# Safe camping wanted near Villanueva del Trabuco



## ActiveCampers (Jun 17, 2005)

Hello

On our 2nd long trip we'll be off to Spain for December and Jan.

In December - I will be meeting some mates in VILLANUEVA DEL TRABUCO and staying in a B&B and do some motorbike trail riding. Mel will be staying with the van and, as its a lads weekend, will not be joining us ( 8O )

So I'm looking for anyone who knows anywhere nearby, and safe, where she could camp. We'll try and get there a day early so we can set up etc and scout the area.

As this would be the first time she'd be left in the van - the safer the better.

Any recommendations welcome - we only found one site about 30m away so far 

Thanks


----------



## eddied (May 9, 2005)

*Villanuevo del Trabuco*

 Ciao, when in Spain this is the area I go to (Antequera/Axarquia)
There is an 'area' at Archidona, which is not all that far from Villanueva del Trabuco.

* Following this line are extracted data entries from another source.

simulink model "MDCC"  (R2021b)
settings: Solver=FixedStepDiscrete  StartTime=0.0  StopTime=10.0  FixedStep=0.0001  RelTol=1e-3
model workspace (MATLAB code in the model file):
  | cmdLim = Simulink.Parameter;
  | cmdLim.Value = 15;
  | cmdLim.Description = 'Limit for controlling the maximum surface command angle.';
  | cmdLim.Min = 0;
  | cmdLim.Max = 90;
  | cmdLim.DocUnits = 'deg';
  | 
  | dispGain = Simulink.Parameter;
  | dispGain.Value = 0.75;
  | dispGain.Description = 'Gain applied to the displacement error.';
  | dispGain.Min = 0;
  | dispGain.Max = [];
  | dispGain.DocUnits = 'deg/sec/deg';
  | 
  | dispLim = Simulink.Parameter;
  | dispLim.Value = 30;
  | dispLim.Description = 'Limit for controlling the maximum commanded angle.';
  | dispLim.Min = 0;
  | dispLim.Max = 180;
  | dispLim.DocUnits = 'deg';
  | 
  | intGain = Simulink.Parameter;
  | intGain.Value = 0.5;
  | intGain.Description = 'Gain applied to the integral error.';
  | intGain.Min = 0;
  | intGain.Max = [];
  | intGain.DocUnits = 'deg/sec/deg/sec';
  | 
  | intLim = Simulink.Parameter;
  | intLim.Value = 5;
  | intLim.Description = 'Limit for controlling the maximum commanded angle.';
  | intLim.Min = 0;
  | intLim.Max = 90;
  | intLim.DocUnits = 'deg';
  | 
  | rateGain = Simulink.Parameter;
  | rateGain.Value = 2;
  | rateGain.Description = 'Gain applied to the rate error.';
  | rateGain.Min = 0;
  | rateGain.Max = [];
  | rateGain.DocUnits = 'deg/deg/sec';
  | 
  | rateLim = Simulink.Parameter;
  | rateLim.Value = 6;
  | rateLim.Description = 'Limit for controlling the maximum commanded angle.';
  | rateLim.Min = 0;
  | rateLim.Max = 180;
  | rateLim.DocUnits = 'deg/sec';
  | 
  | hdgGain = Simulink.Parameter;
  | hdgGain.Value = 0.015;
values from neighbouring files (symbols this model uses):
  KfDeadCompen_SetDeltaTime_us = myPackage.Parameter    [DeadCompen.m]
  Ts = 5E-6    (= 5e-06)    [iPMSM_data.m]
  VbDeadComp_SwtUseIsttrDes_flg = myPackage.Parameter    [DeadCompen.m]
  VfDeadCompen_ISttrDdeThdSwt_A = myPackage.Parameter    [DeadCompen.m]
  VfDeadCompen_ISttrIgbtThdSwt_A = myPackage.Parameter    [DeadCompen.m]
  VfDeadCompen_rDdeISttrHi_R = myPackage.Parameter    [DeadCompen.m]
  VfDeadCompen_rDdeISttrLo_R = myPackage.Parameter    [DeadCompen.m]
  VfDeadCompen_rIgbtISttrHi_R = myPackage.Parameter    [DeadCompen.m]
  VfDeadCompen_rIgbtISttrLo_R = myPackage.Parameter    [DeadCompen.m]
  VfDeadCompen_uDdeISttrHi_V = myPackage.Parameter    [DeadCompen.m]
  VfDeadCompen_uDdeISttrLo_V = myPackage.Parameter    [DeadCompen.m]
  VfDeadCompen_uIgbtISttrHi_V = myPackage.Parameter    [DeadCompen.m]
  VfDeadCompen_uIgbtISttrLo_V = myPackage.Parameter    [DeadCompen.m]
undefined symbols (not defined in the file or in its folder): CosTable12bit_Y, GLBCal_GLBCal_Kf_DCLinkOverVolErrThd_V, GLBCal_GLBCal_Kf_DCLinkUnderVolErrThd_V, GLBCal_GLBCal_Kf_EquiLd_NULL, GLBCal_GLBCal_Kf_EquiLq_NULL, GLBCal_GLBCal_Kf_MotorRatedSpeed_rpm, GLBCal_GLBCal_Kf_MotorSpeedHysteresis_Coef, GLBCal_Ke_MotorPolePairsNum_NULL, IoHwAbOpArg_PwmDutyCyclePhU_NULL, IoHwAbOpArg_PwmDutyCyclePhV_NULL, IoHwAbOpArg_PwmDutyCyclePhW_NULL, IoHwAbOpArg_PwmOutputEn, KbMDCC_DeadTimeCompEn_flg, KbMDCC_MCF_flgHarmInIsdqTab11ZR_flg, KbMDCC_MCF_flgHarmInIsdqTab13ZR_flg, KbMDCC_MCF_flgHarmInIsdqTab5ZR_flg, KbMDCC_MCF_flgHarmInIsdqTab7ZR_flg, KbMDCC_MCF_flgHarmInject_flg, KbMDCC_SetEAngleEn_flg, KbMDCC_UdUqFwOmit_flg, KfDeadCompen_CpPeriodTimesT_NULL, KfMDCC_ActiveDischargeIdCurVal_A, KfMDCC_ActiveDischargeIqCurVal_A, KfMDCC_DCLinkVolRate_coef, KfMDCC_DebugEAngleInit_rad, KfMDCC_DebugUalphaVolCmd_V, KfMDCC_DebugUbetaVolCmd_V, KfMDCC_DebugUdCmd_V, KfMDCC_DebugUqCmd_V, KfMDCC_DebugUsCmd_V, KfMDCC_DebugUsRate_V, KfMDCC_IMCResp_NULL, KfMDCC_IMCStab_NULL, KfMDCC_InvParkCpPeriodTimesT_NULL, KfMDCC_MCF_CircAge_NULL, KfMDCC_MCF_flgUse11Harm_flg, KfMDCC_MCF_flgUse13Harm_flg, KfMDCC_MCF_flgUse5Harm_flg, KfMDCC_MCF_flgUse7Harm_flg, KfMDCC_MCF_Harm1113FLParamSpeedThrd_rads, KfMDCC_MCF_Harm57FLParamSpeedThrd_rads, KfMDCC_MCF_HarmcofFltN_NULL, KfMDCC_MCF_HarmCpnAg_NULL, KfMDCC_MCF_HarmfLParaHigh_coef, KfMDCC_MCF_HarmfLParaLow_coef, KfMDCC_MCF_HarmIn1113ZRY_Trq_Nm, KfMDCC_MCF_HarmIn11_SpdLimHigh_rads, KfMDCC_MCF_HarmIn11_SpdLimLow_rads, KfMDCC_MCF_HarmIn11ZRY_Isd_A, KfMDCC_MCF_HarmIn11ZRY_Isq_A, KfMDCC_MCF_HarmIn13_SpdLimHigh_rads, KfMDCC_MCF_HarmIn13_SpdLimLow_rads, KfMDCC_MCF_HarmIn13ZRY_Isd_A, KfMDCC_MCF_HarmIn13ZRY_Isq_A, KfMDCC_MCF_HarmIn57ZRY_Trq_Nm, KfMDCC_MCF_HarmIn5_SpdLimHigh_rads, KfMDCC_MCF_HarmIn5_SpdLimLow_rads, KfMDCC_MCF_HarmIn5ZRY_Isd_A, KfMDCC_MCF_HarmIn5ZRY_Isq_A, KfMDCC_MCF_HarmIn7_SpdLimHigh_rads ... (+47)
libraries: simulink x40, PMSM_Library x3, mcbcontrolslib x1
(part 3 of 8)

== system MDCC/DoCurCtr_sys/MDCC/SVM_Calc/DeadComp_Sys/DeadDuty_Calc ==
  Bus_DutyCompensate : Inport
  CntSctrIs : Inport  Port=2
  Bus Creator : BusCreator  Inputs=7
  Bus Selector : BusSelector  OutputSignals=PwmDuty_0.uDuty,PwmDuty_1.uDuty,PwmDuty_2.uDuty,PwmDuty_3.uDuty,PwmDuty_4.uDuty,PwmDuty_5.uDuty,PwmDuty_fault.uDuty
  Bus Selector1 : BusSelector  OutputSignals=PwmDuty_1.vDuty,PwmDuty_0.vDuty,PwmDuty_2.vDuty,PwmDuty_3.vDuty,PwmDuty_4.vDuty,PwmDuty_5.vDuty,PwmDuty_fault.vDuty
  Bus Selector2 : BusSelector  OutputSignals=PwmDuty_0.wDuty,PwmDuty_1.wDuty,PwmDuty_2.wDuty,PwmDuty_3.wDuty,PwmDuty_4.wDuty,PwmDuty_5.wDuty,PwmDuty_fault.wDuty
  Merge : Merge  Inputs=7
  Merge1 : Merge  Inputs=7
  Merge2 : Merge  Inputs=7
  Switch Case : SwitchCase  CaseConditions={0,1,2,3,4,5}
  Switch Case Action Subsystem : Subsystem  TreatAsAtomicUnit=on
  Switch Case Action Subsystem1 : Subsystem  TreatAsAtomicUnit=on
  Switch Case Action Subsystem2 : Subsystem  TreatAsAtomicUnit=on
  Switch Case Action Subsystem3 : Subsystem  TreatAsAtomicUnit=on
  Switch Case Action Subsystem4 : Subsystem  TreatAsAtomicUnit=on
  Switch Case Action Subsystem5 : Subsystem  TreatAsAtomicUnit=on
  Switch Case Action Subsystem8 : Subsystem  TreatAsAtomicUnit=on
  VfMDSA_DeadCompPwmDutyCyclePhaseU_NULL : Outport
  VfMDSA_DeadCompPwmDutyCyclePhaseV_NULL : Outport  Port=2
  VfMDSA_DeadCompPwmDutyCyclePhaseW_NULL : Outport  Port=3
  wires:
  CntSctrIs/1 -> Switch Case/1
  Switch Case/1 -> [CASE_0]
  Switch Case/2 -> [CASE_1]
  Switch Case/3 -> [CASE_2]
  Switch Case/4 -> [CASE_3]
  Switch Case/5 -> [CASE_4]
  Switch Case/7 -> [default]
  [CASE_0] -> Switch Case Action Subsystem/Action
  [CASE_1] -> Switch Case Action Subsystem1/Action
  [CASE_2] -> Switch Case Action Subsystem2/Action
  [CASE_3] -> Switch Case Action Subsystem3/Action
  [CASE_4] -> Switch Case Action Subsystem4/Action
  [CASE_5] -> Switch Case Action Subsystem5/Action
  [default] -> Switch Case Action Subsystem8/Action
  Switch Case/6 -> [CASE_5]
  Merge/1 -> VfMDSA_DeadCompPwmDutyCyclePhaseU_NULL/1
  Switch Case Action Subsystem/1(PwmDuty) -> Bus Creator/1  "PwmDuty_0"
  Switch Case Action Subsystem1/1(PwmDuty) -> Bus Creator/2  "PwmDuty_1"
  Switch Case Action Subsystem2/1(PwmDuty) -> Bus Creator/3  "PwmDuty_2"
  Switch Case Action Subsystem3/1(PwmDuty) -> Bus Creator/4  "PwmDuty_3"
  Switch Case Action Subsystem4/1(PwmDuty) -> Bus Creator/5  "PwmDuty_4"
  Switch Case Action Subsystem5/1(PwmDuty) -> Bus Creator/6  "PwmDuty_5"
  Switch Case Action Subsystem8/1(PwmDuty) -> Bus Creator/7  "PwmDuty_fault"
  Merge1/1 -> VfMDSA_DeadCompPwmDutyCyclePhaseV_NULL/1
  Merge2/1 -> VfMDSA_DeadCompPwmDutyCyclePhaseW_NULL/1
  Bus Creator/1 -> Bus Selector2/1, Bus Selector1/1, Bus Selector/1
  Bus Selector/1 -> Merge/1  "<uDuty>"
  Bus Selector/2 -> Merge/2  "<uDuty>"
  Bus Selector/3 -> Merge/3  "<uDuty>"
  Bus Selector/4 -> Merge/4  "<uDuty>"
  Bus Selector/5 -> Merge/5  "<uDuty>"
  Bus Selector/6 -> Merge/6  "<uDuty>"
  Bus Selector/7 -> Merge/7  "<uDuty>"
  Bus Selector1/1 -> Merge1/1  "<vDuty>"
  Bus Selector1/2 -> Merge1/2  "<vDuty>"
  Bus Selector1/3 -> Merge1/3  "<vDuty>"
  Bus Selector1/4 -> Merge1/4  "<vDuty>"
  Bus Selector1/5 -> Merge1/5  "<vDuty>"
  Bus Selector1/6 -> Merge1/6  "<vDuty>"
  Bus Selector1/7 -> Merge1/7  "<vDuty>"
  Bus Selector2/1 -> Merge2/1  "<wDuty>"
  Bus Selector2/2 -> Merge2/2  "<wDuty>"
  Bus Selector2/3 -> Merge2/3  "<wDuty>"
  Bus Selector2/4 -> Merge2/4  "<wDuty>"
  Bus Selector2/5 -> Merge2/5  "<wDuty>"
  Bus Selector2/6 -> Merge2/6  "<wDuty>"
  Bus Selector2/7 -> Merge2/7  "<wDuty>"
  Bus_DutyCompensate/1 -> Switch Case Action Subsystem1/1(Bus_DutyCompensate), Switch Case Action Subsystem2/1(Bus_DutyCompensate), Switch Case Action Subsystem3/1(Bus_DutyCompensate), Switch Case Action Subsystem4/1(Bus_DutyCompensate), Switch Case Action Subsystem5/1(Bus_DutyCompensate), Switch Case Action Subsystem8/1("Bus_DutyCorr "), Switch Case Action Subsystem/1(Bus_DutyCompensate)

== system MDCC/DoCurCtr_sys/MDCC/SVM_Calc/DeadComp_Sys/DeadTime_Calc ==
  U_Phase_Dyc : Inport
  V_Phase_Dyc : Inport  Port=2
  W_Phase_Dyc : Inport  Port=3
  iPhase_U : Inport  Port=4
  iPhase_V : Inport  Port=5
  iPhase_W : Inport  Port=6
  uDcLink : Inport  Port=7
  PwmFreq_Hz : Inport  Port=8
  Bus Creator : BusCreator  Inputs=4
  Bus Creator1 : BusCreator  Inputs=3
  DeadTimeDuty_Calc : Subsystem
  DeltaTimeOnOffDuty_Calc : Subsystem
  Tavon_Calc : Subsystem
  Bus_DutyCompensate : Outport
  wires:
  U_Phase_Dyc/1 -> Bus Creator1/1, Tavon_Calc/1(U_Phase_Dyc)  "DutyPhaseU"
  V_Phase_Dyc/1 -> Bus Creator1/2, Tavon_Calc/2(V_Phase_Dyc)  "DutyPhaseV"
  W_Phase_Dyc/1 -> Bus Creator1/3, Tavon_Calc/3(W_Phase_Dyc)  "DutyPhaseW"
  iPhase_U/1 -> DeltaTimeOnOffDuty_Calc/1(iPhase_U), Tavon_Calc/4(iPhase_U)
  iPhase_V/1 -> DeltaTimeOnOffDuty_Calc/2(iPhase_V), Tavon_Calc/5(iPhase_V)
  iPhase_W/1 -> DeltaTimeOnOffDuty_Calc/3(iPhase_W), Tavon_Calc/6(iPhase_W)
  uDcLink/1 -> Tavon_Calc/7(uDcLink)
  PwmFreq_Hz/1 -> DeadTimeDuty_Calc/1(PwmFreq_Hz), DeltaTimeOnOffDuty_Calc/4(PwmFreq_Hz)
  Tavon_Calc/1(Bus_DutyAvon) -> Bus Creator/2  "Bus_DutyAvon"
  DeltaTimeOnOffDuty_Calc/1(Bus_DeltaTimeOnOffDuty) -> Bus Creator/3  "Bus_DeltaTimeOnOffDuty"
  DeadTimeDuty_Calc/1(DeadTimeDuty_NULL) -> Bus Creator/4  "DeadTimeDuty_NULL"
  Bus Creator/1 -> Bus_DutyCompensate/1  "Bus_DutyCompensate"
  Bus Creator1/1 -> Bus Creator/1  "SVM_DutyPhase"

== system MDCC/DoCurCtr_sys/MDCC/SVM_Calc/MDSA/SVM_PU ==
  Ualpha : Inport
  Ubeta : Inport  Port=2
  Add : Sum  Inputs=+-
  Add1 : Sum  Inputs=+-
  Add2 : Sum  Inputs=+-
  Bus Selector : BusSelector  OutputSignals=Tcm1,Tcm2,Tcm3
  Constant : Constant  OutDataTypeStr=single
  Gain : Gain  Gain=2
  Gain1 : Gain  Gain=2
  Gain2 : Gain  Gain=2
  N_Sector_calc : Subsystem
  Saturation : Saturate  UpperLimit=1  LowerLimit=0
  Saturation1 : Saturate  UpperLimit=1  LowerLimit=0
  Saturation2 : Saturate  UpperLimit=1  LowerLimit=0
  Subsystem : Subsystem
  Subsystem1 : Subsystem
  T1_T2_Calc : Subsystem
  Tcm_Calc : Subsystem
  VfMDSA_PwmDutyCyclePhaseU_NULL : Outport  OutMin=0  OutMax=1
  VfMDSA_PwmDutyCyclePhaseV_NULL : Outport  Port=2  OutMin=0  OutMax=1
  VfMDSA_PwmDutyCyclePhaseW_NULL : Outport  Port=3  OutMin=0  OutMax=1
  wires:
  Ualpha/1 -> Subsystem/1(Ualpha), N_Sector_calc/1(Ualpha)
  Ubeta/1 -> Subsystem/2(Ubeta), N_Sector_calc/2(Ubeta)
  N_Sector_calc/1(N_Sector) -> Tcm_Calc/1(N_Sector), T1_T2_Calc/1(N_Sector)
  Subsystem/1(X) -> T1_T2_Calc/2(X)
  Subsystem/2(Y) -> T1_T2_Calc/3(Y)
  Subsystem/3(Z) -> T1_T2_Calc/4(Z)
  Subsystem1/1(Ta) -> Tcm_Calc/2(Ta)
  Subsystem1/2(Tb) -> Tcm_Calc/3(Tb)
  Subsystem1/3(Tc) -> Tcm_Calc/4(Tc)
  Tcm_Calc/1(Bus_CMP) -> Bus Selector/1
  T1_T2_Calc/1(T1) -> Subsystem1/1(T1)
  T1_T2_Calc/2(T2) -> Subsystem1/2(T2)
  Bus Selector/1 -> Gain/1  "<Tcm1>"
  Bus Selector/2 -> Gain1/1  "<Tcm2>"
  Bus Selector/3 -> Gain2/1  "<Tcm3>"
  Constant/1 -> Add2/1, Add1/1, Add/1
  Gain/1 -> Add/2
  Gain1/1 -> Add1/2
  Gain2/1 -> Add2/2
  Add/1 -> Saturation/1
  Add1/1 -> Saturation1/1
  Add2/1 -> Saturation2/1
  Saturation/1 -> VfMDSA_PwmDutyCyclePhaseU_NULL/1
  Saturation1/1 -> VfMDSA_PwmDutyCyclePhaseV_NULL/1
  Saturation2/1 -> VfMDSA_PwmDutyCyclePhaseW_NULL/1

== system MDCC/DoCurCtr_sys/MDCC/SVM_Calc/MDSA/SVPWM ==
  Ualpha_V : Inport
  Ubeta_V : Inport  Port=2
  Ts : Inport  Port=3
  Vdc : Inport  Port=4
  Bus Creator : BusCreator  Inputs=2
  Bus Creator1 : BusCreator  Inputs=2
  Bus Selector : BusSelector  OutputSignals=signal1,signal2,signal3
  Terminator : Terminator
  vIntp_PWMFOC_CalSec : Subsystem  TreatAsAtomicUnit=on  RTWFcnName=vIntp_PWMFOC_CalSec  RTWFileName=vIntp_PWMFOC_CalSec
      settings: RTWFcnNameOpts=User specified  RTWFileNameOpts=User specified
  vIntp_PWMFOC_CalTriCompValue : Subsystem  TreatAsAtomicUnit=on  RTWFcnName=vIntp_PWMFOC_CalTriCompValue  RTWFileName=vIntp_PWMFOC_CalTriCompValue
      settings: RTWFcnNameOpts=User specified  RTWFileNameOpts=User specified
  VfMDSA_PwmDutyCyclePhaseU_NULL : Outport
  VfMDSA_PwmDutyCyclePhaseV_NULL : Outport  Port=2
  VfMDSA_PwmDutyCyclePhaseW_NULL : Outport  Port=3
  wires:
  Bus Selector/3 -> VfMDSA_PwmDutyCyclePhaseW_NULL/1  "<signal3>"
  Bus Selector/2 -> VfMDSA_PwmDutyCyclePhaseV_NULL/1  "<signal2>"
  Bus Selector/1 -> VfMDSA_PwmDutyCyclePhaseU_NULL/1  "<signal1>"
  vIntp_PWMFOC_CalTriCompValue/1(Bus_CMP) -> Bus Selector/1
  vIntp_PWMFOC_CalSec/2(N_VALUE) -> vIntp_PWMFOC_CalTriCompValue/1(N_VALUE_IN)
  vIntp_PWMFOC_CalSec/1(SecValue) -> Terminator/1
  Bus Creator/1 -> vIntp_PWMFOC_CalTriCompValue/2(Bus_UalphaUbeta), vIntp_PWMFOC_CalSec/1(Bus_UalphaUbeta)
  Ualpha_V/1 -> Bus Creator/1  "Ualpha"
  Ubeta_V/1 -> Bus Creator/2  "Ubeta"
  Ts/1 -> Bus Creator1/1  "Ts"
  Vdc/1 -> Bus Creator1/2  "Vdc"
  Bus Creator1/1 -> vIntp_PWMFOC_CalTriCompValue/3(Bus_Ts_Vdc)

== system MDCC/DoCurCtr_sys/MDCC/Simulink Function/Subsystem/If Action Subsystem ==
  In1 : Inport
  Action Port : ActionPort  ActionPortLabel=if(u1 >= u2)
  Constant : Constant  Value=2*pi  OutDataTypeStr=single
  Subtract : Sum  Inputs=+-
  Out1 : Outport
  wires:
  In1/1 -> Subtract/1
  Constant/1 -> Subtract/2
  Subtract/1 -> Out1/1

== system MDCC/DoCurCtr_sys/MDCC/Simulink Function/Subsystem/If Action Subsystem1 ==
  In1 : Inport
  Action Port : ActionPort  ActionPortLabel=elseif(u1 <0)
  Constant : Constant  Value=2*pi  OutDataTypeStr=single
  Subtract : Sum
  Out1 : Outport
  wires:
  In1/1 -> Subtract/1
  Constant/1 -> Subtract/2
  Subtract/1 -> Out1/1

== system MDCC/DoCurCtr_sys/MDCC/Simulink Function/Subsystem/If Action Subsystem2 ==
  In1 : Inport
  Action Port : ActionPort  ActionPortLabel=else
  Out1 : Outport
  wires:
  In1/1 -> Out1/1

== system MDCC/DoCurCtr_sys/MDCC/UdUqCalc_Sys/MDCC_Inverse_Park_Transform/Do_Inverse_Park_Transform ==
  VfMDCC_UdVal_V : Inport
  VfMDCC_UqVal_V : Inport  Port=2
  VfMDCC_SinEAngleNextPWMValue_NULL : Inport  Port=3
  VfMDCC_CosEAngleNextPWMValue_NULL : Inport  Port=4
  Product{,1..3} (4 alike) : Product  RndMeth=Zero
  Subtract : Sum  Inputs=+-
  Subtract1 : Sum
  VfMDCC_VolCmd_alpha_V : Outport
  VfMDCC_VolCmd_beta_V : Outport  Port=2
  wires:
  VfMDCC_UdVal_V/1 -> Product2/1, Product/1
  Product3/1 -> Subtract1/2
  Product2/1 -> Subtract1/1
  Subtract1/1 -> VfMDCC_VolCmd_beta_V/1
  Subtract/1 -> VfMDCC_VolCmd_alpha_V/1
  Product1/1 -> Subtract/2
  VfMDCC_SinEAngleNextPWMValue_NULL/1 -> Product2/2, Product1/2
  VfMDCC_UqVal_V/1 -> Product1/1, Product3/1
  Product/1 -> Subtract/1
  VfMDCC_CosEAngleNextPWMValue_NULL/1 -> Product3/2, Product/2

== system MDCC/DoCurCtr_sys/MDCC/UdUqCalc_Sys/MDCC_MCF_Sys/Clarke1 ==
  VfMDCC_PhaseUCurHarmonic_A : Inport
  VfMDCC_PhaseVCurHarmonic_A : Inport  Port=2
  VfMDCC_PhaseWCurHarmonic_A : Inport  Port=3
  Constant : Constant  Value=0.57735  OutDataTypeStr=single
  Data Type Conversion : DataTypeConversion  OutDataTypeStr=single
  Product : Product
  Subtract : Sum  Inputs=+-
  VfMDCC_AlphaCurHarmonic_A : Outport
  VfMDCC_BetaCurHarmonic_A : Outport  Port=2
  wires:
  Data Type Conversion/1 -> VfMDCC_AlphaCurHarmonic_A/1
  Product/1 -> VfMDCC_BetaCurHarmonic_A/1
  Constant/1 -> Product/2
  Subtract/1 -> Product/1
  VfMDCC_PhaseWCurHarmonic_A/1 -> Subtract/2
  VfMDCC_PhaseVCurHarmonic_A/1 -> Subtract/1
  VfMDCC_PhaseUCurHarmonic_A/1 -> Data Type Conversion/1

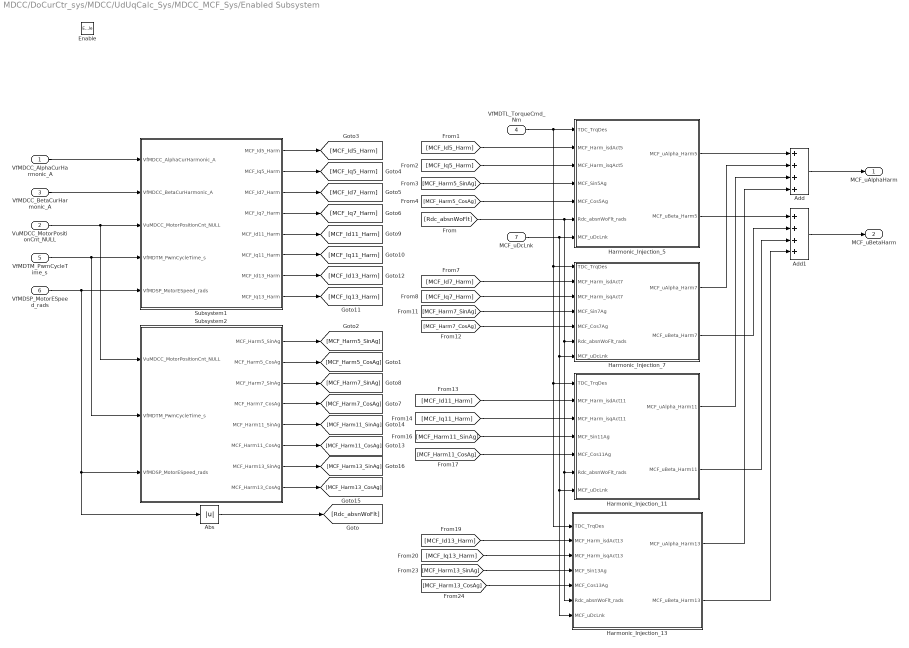
== system MDCC/DoCurCtr_sys/MDCC/UdUqCalc_Sys/MDCC_MCF_Sys/Enabled Subsystem ==
  VfMDCC_AlphaCurHarmonic_A : Inport
  VuMDCC_MotorPositionCnt_NULL : Inport  Port=2
  VfMDCC_BetaCurHarmonic_A : Inport  Port=3
  VfMDTL_TorqueCmd_Nm : Inport  Port=4
  VfMDTM_PwmCycleTime_s : Inport  Port=5
  VfMDSP_MotorESpeed_rads : Inport  Port=6
  MCF_uDcLnk : Inport  Port=7
  Enable : EnablePort
  Abs : Abs
  Add : Sum  Inputs=++++  OutDataTypeStr=single
  Add1 : Sum  Inputs=++++  AccumDataTypeStr=single
  Harmonic_Injection_11 : Subsystem
  Harmonic_Injection_13 : Subsystem
  Harmonic_Injection_5 : Subsystem
  Harmonic_Injection_7 : Subsystem
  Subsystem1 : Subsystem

I would have thought it should fit your bill :
www.lapaca.org/areas/ficha_area.php?area_id=14

luego,
eddied


----------



## ActiveCampers (Jun 17, 2005)

*Re: Villanuevo del Trabuco*



eddied said:


> Ciao, when in Spain this is the area I go to (Antequera/Axarquia)
> There is an 'area' at Archidona, which is not all that far from Villanueva del Trabuco. I would have thought it should fit your bill :
> www.lapaca.org/areas/ficha_area.php?area_id=14
> 
> ...


Thanks
What is an area? Is it the same as a french aire?
Seems to say limited to 48 hours - Mel will need 72 hours probably - Fridaty night through to Monday morning when she can collect by battered and buised bits!

Is the weather warm there in December? Or will Mel (who feels the cold especially without a human radiator) need hookup?

If you know any more, or even paid-for sites then please let us know.

(Other question - what are the roads like? The map looks hilly so slightly worried if they are suitable for vans?)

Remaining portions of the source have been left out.